Beleidsregels Wet Bibob gemeente Barneveld 2012

Geldend van 03-08-2012 t/m 31-07-2017

Intitulé

Beleidsregels Wet Bibob gemeente Barneveld 2012

De burgemeester van Barneveld en het college van burgemeester en wethouders van Barneveld, ieder voor zover het haar respectievelijk hun bevoegdheden betreft;

overwegende dat;

de Wet bevordering integriteitsbeoordelingen door het openbaar bestuur (hierna: Wet Bibob) beoogt te voorkomen dat criminele activiteiten door gemeenten worden gefaciliteerd, waardoor de veiligheid, de leefbaarheid, de rechtsorde of de bestuurlijke slagkracht wordt aangetast;

de Wet Bibob aan gemeenten beleidsruimte verschaft bij de besluitvorming omtrent het toepassen van hun uit deze wet voortvloeiende en toekomende bevoegdheden;

het gewenst is om beleidsregels op te stellen omtrent de wijze waarop de Wet Bibob door de gemeente Barneveld wordt toegepast;

gelet op het bepaalde in de Wet Bibob, artikel 4:81 Algemene wet bestuursrecht, de bepalingen uit de Drank- en horecawet, de bepalingen uit de Algemene Plaatselijke Verordening Barneveld, de bepalingen uit de Wet op de kansspelen, de bepalingen uit de Wet regulering prostitutie en bestrijding misstanden seksbranche, de Wet algemene bepalingen omgevingsrecht, de Algemene Subsidieverordening Barneveld, allen voor zover deze betrekking hebben op het toepassen van de Wet Bibob;

besluiten tot vaststelling van de volgende beleidsregels:

Beleidsregels Wet Bibob gemeente Barneveld 2012

Hoofdstuk 1 Inleidende bepalingen

Artikel 1 Begripsomschrijvingen

  • 1. De definities in artikel 1.1 van de Wet Bibob zijn van overeenkomstige toepassing op deze beleidsregels, tenzij hiervan in het tweede lid wordt afgeweken.

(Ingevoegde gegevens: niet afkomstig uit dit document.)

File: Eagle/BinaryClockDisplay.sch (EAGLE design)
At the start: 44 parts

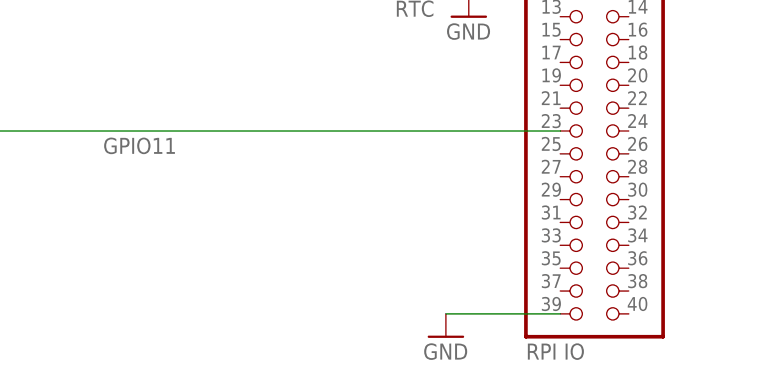
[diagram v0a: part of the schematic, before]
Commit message: Cleaning out some unused files
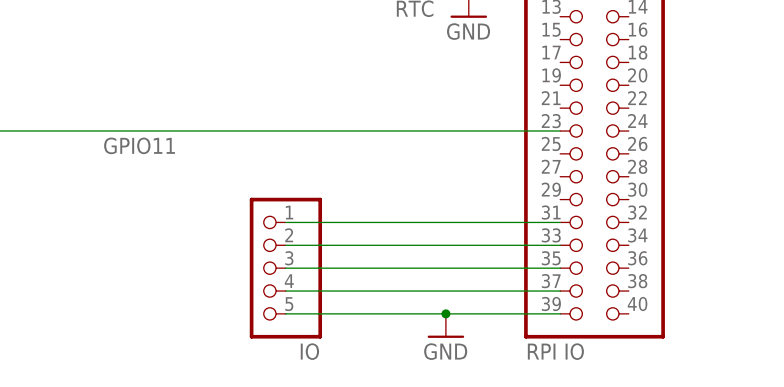
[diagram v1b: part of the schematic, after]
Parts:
- added JP4: IO, pinhead:PINHD-1X5
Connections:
- new net GPIO13: JP2.33, JP4.2
- new net GPIO19: JP2.35, JP4.3
- new net GPIO26: JP2.37, JP4.4
- new net GPIO6: JP2.31, JP4.1
- net GND: now also JP4.5
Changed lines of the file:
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@@
 <part name="JP1" library="pinhead" library_urn="urn:adsk.eagle:library:325" deviceset="PINHD-1X2" device="" package3d_urn="urn:adsk.eagle:package:22435/2"/>
 <part name="GND25" library="supply1" deviceset="GND" device=""/>
+<part name="JP4" library="pinhead" library_urn="urn:adsk.eagle:library:325" deviceset="PINHD-1X5" device="" package3d_urn="urn:adsk.eagle:package:22469/2" value="IO"/>
 </parts>
 <sheets>
@@
 <attribute name="VALUE" x="200.66" y="81.28" size="1.778" layer="96"/>
 </instance>
+<instance part="JP4" gate="A" x="177.8" y="2.54" smashed="yes" rot="MR0">
+<attribute name="VALUE" x="184.15" y="-7.62" size="1.778" layer="96" rot="MR0"/>
+</instance>
 </instances>
 <busses>
@@
 <pinref part="GND23" gate="1" pin="GND"/>
 <wire x1="210.82" y1="-2.54" x2="198.12" y2="-2.54" width="0.1524" layer="91"/>
+<pinref part="JP4" gate="A" pin="5"/>
+<wire x1="180.34" y1="-2.54" x2="198.12" y2="-2.54" width="0.1524" layer="91"/>
+<junction x="198.12" y="-2.54"/>
 </segment>
 <segment>
@@
 </segment>
 </net>
+<net name="GPIO26" class="0">
+<segment>
+<pinref part="JP4" gate="A" pin="4"/>
+<pinref part="JP2" gate="A" pin="37"/>
+<wire x1="180.34" y1="0" x2="210.82" y2="0" width="0.1524" layer="91"/>
+</segment>
+</net>
+<net name="GPIO19" class="0">
+<segment>
+<pinref part="JP4" gate="A" pin="3"/>
+<pinref part="JP2" gate="A" pin="35"/>
+<wire x1="180.34" y1="2.54" x2="210.82" y2="2.54" width="0.1524" layer="91"/>
+</segment>
+</net>
+<net name="GPIO13" class="0">
+<segment>
+<pinref part="JP4" gate="A" pin="2"/>
+<pinref part="JP2" gate="A" pin="33"/>
+<wire x1="180.34" y1="5.08" x2="210.82" y2="5.08" width="0.1524" layer="91"/>
+</segment>
+</net>
+<net name="GPIO6" class="0">
+<segment>
+<pinref part="JP4" gate="A" pin="1"/>
+<pinref part="JP2" gate="A" pin="31"/>
+<wire x1="180.34" y1="7.62" x2="210.82" y2="7.62" width="0.1524" layer="91"/>
+</segment>
+</net>

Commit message: HW version 2 allmost done...
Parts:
- added S2, S3: SWITCH, SparkFun-Electromechanical:SWITCH-MOMENTARY-2SMD-1101NE
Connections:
- new net GPIO10: JP2.19, S3.2
- new net GPIO9: JP2.21, S2.2
- net GND: now also S2.1, S3.1
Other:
- moved on the sheet: C4, D1, S1
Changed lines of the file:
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@@
 <part name="GND25" library="supply1" deviceset="GND" device=""/>
 <part name="JP4" library="pinhead" library_urn="urn:adsk.eagle:library:325" deviceset="PINHD-1X5" device="" package3d_urn="urn:adsk.eagle:package:22469/2" value="IO"/>
+<part name="S2" library="SparkFun-Electromechanical" deviceset="SWITCH-MOMENTARY-2" device="SMD-1101NE" value="SWITCH"/>
+<part name="GND26" library="supply1" deviceset="GND" device=""/>
+<part name="S3" library="SparkFun-Electromechanical" deviceset="SWITCH-MOMENTARY-2" device="SMD-1101NE" value="SWITCH"/>
+<part name="GND27" library="supply1" deviceset="GND" device=""/>
 </parts>
 <sheets>
@@
 </plain>
 <instances>
-<instance part="D1" gate="G$1" x="129.54" y="35.56" smashed="yes">
-<attribute name="NAME" x="116.84" y="43.942" size="1.778" layer="95"/>
-<attribute name="VALUE" x="116.84" y="27.94" size="1.778" layer="95"/>
+<instance part="D1" gate="G$1" x="129.54" y="40.64" smashed="yes">
+<attribute name="NAME" x="116.84" y="49.022" size="1.778" layer="95"/>
+<attribute name="VALUE" x="116.84" y="33.02" size="1.778" layer="95"/>
 </instance>
 <instance part="JP2" gate="A" x="213.36" y="22.86" smashed="yes">
@@
 <attribute name="VALUE" x="207.01" y="-7.62" size="1.778" layer="96"/>
 </instance>
-<instance part="C4" gate="G$1" x="104.14" y="35.56" smashed="yes">
-<attribute name="NAME" x="105.664" y="38.481" size="1.778" layer="95"/>
-<attribute name="VALUE" x="105.664" y="33.401" size="1.778" layer="96"/>
+<instance part="C4" gate="G$1" x="104.14" y="40.64" smashed="yes">
+<attribute name="NAME" x="105.664" y="43.561" size="1.778" layer="95"/>
+<attribute name="VALUE" x="105.664" y="38.481" size="1.778" layer="96"/>
 </instance>
 <instance part="JP3" gate="A" x="190.5" y="40.64" smashed="yes" rot="MR0">
@@
 <attribute name="VALUE" x="196.85" y="30.48" size="1.778" layer="96" rot="MR0"/>
 </instance>
-<instance part="GND10" gate="1" x="104.14" y="25.4" smashed="yes">
-<attribute name="VALUE" x="101.6" y="22.86" size="1.778" layer="96"/>
+<instance part="GND10" gate="1" x="104.14" y="30.48" smashed="yes">
+<attribute name="VALUE" x="101.6" y="27.94" size="1.778" layer="96"/>
 </instance>
 <instance part="D2" gate="G$1" x="129.54" y="71.12" smashed="yes">
@@
 <attribute name="VALUE" x="-238.76" y="43.18" size="1.778" layer="96"/>
 </instance>
-<instance part="S1" gate="G$1" x="139.7" y="17.78" smashed="yes">
-<attribute name="NAME" x="137.16" y="20.32" size="1.778" layer="95"/>
-</instance>
-<instance part="GND22" gate="1" x="129.54" y="12.7" smashed="yes">
-<attribute name="VALUE" x="127" y="10.16" size="1.778" layer="96"/>
+<instance part="S1" gate="G$1" x="170.18" y="17.78" smashed="yes">
+<attribute name="NAME" x="170.18" y="12.7" size="1.778" layer="95"/>
+</instance>
+<instance part="GND22" gate="1" x="160.02" y="12.7" smashed="yes">
+<attribute name="VALUE" x="157.48" y="10.16" size="1.778" layer="96"/>
 </instance>
 <instance part="GND23" gate="1" x="198.12" y="-5.08" smashed="yes">
@@
 <instance part="JP4" gate="A" x="177.8" y="2.54" smashed="yes" rot="MR0">
 <attribute name="VALUE" x="184.15" y="-7.62" size="1.778" layer="96" rot="MR0"/>
+</instance>
+<instance part="S2" gate="G$1" x="152.4" y="20.32" smashed="yes">
+<attribute name="NAME" x="149.86" y="15.24" size="1.778" layer="95"/>
+</instance>
+<instance part="GND26" gate="1" x="142.24" y="12.7" smashed="yes">
+<attribute name="VALUE" x="139.7" y="10.16" size="1.778" layer="96"/>
+</instance>
+<instance part="S3" gate="G$1" x="134.62" y="22.86" smashed="yes">
+<attribute name="NAME" x="132.08" y="17.78" size="1.778" layer="95"/>
+</instance>
+<instance part="GND27" gate="1" x="124.46" y="12.7" smashed="yes">
+<attribute name="VALUE" x="121.92" y="10.16" size="1.778" layer="96"/>
 </instance>
 </instances>
@@
 <pinref part="D1" gate="G$1" pin="VSS"/>
 <pinref part="C4" gate="G$1" pin="2"/>
-<wire x1="114.3" y1="33.02" x2="104.14" y2="33.02" width="0.1524" layer="91"/>
-<wire x1="104.14" y1="33.02" x2="104.14" y2="27.94" width="0.1524" layer="91"/>
-<junction x="104.14" y="33.02"/>
+<wire x1="114.3" y1="38.1" x2="104.14" y2="38.1" width="0.1524" layer="91"/>
+<wire x1="104.14" y1="38.1" x2="104.14" y2="33.02" width="0.1524" layer="91"/>
+<junction x="104.14" y="38.1"/>
 <pinref part="GND10" gate="1" pin="GND"/>
 </segment>
@@
 <pinref part="S1" gate="G$1" pin="1"/>
 <pinref part="GND22" gate="1" pin="GND"/>
-<wire x1="134.62" y1="17.78" x2="129.54" y2="17.78" width="0.1524" layer="91"/>
-<wire x1="129.54" y1="17.78" x2="129.54" y2="15.24" width="0.1524" layer="91"/>
+<wire x1="165.1" y1="17.78" x2="160.02" y2="17.78" width="0.1524" layer="91"/>
+<wire x1="160.02" y1="17.78" x2="160.02" y2="15.24" width="0.1524" layer="91"/>
 </segment>
 <segment>
@@
 <pinref part="GND25" gate="1" pin="GND"/>
 </segment>
+<segment>
+<pinref part="S2" gate="G$1" pin="1"/>
+<pinref part="GND26" gate="1" pin="GND"/>
+<wire x1="147.32" y1="20.32" x2="142.24" y2="20.32" width="0.1524" layer="91"/>
+<wire x1="142.24" y1="20.32" x2="142.24" y2="15.24" width="0.1524" layer="91"/>
+</segment>
+<segment>
+<pinref part="S3" gate="G$1" pin="1"/>
+<pinref part="GND27" gate="1" pin="GND"/>
+<wire x1="129.54" y1="22.86" x2="124.46" y2="22.86" width="0.1524" layer="91"/>
+<wire x1="124.46" y1="22.86" x2="124.46" y2="15.24" width="0.1524" layer="91"/>
+</segment>
 </net>
 <net name="N$2" class="0">
@@
 <segment>
 <pinref part="D1" gate="G$1" pin="DO"/>
-<wire x1="142.24" y1="33.02" x2="152.4" y2="33.02" width="0.1524" layer="91"/>
+<wire x1="142.24" y1="38.1" x2="152.4" y2="38.1" width="0.1524" layer="91"/>
 <pinref part="D2" gate="G$1" pin="DI"/>
-<wire x1="152.4" y1="33.02" x2="152.4" y2="76.2" width="0.1524" layer="91"/>
+<wire x1="152.4" y1="38.1" x2="152.4" y2="76.2" width="0.1524" layer="91"/>
 <wire x1="152.4" y1="76.2" x2="142.24" y2="76.2" width="0.1524" layer="91"/>
 </segment>
@@
 <segment>
 <pinref part="D1" gate="G$1" pin="DI"/>
-<wire x1="172.72" y1="40.64" x2="142.24" y2="40.64" width="0.1524" layer="91"/>
-<wire x1="233.68" y1="66.04" x2="172.72" y2="66.04" width="0.1524" layer="91"/>
-<wire x1="172.72" y1="66.04" x2="172.72" y2="40.64" width="0.1524" layer="91"/>
+<wire x1="175.26" y1="40.64" x2="142.24" y2="45.72" width="0.1524" layer="91"/>
+<wire x1="233.68" y1="66.04" x2="175.26" y2="66.04" width="0.1524" layer="91"/>
+<wire x1="175.26" y1="66.04" x2="175.26" y2="40.64" width="0.1524" layer="91"/>
 <label x="160.02" y="45.72" size="1.778" layer="95"/>
 <wire x1="233.68" y1="66.04" x2="233.68" y2="33.02" width="0.1524" layer="91"/>
@@
 <pinref part="S1" gate="G$1" pin="2"/>
 <pinref part="JP2" gate="A" pin="23"/>
-<wire x1="144.78" y1="17.78" x2="210.82" y2="17.78" width="0.1524" layer="91"/>
-<label x="160.02" y="15.24" size="1.778" layer="95"/>
+<wire x1="175.26" y1="17.78" x2="210.82" y2="17.78" width="0.1524" layer="91"/>
+<label x="180.34" y="15.24" size="1.778" layer="95"/>
 </segment>
 </net>
@@
 <pinref part="C4" gate="G$1" pin="1"/>
 <pinref part="D1" gate="G$1" pin="VDD"/>
-<wire x1="104.14" y1="40.64" x2="114.3" y2="40.64" width="0.1524" layer="91"/>
-<wire x1="104.14" y1="40.64" x2="104.14" y2="45.72" width="0.1524" layer="91"/>
-<junction x="104.14" y="40.64"/>
+<wire x1="104.14" y1="45.72" x2="114.3" y2="45.72" width="0.1524" layer="91"/>
+<wire x1="104.14" y1="45.72" x2="104.14" y2="50.8" width="0.1524" layer="91"/>
+<junction x="104.14" y="45.72"/>
 </segment>
 <segment>
@@
 </segment>
 </net>
+<net name="GPIO9" class="0">
+<segment>
+<pinref part="S2" gate="G$1" pin="2"/>
+<wire x1="157.48" y1="20.32" x2="210.82" y2="20.32" width="0.1524" layer="91"/>
+<pinref part="JP2" gate="A" pin="21"/>
+</segment>
+</net>
+<net name="GPIO10" class="0">
+<segment>
+<pinref part="S3" gate="G$1" pin="2"/>
+<pinref part="JP2" gate="A" pin="19"/>
+<wire x1="139.7" y1="22.86" x2="210.82" y2="22.86" width="0.1524" layer="91"/>
+</segment>
+</net>

  • 2. In deze beleidsregels wordt verstaan onder:

    • a.

      aanvraag: de aanvraag om een beschikking;

    • b.

      advies: het advies zoals bedoeld in artikel 9 van de wet;

    • c.

      beschikkingen: alle besluiten (beschikkingen) waarop de wet van toepassing is, zoals verleningen al dan niet onder voorschriften en/of beperkingen, weigeringen en intrekkingen van vergunningen;

    • d.

      Besluit Bibob: het Besluit van 12 april 2003, houdende uitvoering van de Wet bevordering integriteitsbeoordelingen door het openbaar bestuur

    • e.

      bestuursorgaan: de burgemeester respectievelijk het college van burgemeester en wethouders, dan wel het bevoegd gezag als bedoeld in artikel 1.1 van de Wet algemene bepalingen omgevingsrecht;

    • f.

      betrokkene: de aanvrager of de vergunninghouder;

    • g.

      Bibobtoets: de wijze van behandelen van een aanvraag waarbij door het bestuursorgaan volgens deze beleidsregel wordt beoordeeld of er redenen ontleend aan de wet aanwezig zijn om de aanvraag te weigeren respectievelijk de beschikking in te trekken dan wel een advies aan te vragen (ook integriteitstoets);

    • h.

      Bureau: het Bureau bevordering integriteitsbeoordelingen door het openbaar bestuur, bedoeld in artikel 8 van de Wet Bibob;

    • i.

      indicatorenlijst: de door het Bureau ter beschikking gestelde lijst(en) die indicatoren bevat die aanleiding kunnen zijn tot het toepassen van de wet;

    • j.

      integriteitstoets: de behandelwijze van een aanvraag welke na de reguliere toetsing plaatsvindt en waarbij volgens deze beleidsregel wordt beoordeeld of er aan de wet ontleende redenen aanwezig zijn om de aanvraag te weigeren respectievelijk de beschikking in te trekken dan wel een advies te vragen;

    • k.

      reguliere toetsing: toetsing van de aanvraag of vergunning aan (wettelijke) gronden die niet op de wet berusten;

    • l.

      wet: de Wet bevordering integriteitsbeoordelingen door het openbaar bestuur (Wet Bibob).

Artikel 2 Doel

  • 1. De gemeente beoogt met toepassing van de wet te voorkomen dat zij criminele activiteiten faciliteert waardoor de veiligheid, de leefbaarheid, de rechtsorde of de bestuurlijke slagkracht worden aangetast.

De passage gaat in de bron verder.